Lessons from the Camino

Walking the Camino in northwestern Spain and Portugal this year was in many respects very different from previous walks on this ancient pilgrimage path that has been massively impacted by the repercussions of the pandemic.

First and foremost the Camino has lost nothing of its magic that has become for hundreds of thousands of modern-day pilgrims, a path of introspection, healing and transformation. About half as many people arrive at the destination in Santiago de Compostela compared to normal years. The good news is that with good planning you can still walk it!

We walked from Porto in Portugal to Santiago, alternating between the coastal and central routes, but booking our accommodation two to three days in advance as most pilgrims’ hostels are still closed and will possibly only reopen next year. Unless you are walking the less popular routes cheap accommodation is very limited for pilgrims with a limited budget.

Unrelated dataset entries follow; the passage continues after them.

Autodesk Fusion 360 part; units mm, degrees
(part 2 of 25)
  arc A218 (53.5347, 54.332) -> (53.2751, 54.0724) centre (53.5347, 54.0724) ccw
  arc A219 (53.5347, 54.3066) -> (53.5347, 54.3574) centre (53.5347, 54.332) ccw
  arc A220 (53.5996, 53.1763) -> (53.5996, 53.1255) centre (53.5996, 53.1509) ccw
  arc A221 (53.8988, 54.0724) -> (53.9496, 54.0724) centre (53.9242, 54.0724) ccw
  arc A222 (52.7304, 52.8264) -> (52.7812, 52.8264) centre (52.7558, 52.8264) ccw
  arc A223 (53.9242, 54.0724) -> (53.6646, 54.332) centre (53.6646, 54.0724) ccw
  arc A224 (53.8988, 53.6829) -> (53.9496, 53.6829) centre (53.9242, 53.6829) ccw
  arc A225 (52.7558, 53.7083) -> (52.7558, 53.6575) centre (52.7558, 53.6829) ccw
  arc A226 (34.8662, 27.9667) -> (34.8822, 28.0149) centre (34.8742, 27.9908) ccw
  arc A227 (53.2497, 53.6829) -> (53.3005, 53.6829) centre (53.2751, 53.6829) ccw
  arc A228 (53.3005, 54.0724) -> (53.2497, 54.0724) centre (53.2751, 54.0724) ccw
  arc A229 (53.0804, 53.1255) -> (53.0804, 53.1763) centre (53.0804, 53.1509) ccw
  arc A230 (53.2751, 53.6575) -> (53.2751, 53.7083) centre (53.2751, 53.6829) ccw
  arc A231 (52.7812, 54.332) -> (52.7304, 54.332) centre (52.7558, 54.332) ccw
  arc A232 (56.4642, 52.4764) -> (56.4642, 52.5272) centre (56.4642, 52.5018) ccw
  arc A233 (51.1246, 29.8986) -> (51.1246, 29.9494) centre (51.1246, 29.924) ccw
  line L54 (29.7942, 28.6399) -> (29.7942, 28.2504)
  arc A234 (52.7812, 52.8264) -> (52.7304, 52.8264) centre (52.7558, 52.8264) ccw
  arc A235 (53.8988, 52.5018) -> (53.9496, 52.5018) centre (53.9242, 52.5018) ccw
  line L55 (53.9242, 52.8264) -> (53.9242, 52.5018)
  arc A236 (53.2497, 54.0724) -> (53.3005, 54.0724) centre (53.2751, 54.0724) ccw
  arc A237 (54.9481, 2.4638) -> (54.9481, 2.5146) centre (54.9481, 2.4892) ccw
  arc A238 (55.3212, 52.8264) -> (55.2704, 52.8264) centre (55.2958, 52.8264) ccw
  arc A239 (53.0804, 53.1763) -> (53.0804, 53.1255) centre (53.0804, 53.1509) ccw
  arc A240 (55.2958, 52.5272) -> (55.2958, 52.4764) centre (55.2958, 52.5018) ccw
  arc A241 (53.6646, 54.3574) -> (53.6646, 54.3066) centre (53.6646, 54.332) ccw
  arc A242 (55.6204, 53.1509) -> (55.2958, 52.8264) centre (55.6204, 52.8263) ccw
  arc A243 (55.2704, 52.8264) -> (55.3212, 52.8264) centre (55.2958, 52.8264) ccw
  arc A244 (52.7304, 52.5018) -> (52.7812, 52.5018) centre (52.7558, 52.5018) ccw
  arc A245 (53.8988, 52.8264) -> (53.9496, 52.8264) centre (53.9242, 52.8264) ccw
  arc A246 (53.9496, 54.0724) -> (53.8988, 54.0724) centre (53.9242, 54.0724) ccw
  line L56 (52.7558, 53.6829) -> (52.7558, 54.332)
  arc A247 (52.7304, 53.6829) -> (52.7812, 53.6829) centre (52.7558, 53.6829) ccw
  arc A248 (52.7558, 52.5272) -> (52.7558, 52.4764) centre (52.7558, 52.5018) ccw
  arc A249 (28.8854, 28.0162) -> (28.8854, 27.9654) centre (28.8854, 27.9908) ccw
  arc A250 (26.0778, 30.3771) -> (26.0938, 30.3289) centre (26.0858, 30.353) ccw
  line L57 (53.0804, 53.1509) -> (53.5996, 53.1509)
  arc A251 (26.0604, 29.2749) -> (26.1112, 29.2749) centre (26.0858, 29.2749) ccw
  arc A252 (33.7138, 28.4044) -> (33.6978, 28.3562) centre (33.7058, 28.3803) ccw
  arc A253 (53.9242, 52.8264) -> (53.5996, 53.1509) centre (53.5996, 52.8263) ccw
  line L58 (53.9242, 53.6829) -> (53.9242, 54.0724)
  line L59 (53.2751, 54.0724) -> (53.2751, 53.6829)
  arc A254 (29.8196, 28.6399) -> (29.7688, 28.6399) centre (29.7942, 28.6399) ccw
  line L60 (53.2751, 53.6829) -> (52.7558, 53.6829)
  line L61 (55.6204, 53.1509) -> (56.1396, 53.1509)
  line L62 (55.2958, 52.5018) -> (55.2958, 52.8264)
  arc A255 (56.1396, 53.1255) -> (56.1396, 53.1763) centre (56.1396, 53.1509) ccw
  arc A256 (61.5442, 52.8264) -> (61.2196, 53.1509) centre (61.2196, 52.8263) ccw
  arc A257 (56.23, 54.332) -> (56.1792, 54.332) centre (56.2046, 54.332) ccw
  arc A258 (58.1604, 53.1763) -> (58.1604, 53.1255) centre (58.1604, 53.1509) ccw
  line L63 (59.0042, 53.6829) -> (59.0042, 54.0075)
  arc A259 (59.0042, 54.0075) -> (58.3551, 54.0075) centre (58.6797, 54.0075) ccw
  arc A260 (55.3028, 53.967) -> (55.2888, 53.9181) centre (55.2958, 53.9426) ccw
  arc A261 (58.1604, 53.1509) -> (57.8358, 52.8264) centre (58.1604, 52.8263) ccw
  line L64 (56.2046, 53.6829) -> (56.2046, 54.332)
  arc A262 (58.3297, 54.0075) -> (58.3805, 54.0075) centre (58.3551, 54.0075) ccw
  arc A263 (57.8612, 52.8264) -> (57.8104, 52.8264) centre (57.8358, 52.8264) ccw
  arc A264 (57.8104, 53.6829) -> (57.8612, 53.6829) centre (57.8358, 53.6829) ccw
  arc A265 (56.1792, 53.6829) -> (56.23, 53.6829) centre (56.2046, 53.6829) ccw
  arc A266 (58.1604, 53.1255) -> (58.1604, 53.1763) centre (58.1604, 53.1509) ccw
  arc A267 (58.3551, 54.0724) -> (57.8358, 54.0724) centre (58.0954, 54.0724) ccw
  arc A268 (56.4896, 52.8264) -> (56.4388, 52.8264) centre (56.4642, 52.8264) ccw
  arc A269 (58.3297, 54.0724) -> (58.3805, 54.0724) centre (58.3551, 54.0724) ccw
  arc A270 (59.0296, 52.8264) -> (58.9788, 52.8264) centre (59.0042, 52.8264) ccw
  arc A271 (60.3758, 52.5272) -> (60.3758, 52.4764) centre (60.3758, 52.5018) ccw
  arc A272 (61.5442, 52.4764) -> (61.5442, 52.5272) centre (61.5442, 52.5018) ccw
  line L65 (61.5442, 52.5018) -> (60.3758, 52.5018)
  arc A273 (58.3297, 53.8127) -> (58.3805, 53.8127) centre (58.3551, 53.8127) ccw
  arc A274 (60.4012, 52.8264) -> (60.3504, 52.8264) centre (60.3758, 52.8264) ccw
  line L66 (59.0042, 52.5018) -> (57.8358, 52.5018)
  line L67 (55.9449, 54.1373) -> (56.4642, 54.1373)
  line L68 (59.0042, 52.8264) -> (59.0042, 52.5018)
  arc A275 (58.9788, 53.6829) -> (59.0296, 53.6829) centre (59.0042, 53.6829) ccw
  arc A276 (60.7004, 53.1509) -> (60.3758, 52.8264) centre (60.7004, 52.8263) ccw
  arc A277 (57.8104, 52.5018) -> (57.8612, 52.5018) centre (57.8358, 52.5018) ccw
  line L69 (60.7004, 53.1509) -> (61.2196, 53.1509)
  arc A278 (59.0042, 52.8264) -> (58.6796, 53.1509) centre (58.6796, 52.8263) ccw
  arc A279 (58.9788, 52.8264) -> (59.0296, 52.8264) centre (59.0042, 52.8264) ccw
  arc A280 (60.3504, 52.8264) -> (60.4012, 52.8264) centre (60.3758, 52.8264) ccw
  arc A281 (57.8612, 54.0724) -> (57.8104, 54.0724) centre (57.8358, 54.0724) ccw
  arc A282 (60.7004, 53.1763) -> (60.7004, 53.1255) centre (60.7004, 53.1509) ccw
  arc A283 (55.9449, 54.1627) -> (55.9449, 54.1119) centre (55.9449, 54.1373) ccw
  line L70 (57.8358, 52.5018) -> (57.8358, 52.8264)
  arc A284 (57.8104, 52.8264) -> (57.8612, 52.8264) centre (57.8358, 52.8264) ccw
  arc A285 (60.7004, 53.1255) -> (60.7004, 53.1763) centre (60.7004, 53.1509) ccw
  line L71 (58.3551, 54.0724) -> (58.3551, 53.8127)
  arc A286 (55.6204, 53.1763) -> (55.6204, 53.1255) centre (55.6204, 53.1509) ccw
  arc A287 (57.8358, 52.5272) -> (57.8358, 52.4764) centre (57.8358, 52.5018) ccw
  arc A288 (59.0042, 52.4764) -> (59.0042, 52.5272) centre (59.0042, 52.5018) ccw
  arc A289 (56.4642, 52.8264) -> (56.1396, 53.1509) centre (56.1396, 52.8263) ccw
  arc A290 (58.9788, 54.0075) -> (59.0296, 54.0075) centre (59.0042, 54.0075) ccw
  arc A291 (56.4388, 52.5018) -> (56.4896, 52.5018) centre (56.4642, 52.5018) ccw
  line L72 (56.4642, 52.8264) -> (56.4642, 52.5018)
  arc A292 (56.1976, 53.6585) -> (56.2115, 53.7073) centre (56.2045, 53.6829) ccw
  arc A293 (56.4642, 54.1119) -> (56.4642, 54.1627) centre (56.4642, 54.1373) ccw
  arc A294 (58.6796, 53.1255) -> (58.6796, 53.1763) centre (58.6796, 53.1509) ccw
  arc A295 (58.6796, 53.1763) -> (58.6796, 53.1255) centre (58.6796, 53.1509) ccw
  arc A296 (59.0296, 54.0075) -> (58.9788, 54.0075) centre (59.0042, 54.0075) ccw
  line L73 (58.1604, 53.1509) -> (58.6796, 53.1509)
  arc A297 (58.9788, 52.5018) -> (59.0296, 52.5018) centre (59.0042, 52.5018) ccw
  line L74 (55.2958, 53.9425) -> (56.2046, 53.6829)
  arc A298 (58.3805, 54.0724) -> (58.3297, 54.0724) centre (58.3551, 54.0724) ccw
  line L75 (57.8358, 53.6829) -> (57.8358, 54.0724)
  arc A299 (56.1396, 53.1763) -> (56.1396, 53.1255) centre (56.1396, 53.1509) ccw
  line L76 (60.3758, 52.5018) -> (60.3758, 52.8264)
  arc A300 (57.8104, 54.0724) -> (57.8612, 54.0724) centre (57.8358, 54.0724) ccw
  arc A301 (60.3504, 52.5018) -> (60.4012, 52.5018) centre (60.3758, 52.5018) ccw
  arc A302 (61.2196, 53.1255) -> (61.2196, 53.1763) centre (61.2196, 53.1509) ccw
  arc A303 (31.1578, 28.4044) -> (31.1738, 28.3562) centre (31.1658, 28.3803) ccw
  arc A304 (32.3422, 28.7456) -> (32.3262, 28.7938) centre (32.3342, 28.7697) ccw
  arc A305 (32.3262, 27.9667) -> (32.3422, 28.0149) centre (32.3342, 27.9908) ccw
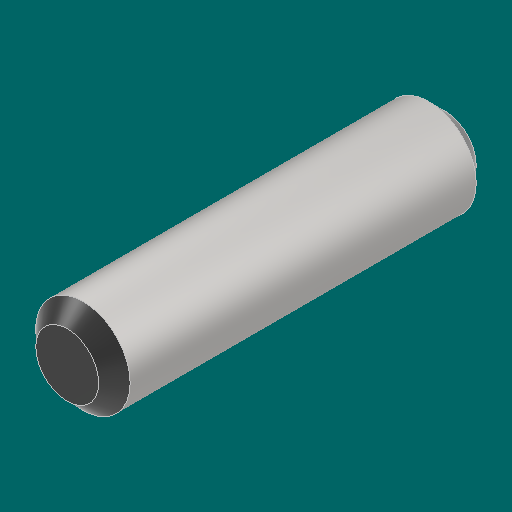
# Autodesk Inventor part: HeikoPin
Saved by Autodesk Inventor 2023 (Build 270158000, 158)
## iProperties
Created: 2022-03-28
Part Number: HeikoPin
Material: 一般
Document SubType Name: Modeling
Designer: neko2
Density: 1 g/cm^3
Appearance: 既定
Author: neko2
Autodesk Inventor part; units mm, degrees
ref_plane "YZ Plane" through (0, 0, 0) normal (1, 0, 0) x (0, 1, 0)
ref_plane "XZ Plane" through (0, 0, 0) normal (0, 1, 0) x (-1, 0, 0)
ref_plane "XY Plane" through (0, 0, 0) normal (0, 0, 1) x (1, 0, 0)
sketch "スケッチ1" plane through (0, 0, 0) normal (0, 0, 1) x (1, 0, 0)
  circle A0 centre (0, 0) radius 1.5
  dimension "d0" = 3
  constraints: 1 centre point, 1 coincident
  measures "d0" diameter of A0
extrude "押し出し1" add sketch "スケッチ1" along normal blind 12
chamfer "面取り1" distance 0.5 angle 45 2 edges at (-1.5, 0, 12) (-1.5, 0, 0)

Can you still stay in a pilgrims’ hostel?

Staying overnight in a pilgrims’ hostel is so much part of the Camino experience where stories are shared over a meal cooked together and often lasting friendships are formed. Although a little more expensive than the municipal albergues, some of the better private albergues are a definite must.

We had one of our most enjoyable evenings with fellow pilgrims at Casa da Fernanda with dancing, singing, great food and good conversations. This was all on a donation basis. Certainly one of the most beautifully run private albergues is the La Cala Pilgrims Inn in Oia run by Tanya Valdes. Tanya is a lovely soul from the U.S. who moved to Spain, fulfilling a heart wish in serving pilgrims in her beautifully renovated albergue, overlooking the monastery in Oia.

The chilling effects of the pandemic

Having had to break off last year’s walk on the Via Francigena in Italy because of another lockdown, walking the Camino Portugues was the first longer walk since 2019. It was at times a chilly experience walking through the small villages where public notice boards bear portraits of locals who have died from Covid and bypassing dozens of closed pilgrims’ hostels, restaurants and curio shops.

Families in the local villages along the Camino route have for centuries earned their income from passing pilgrims and obviously many small businesses have not survived the pandemic. Some had invested all their funds in the expectation of a boom on the Camino for this year’s holy year.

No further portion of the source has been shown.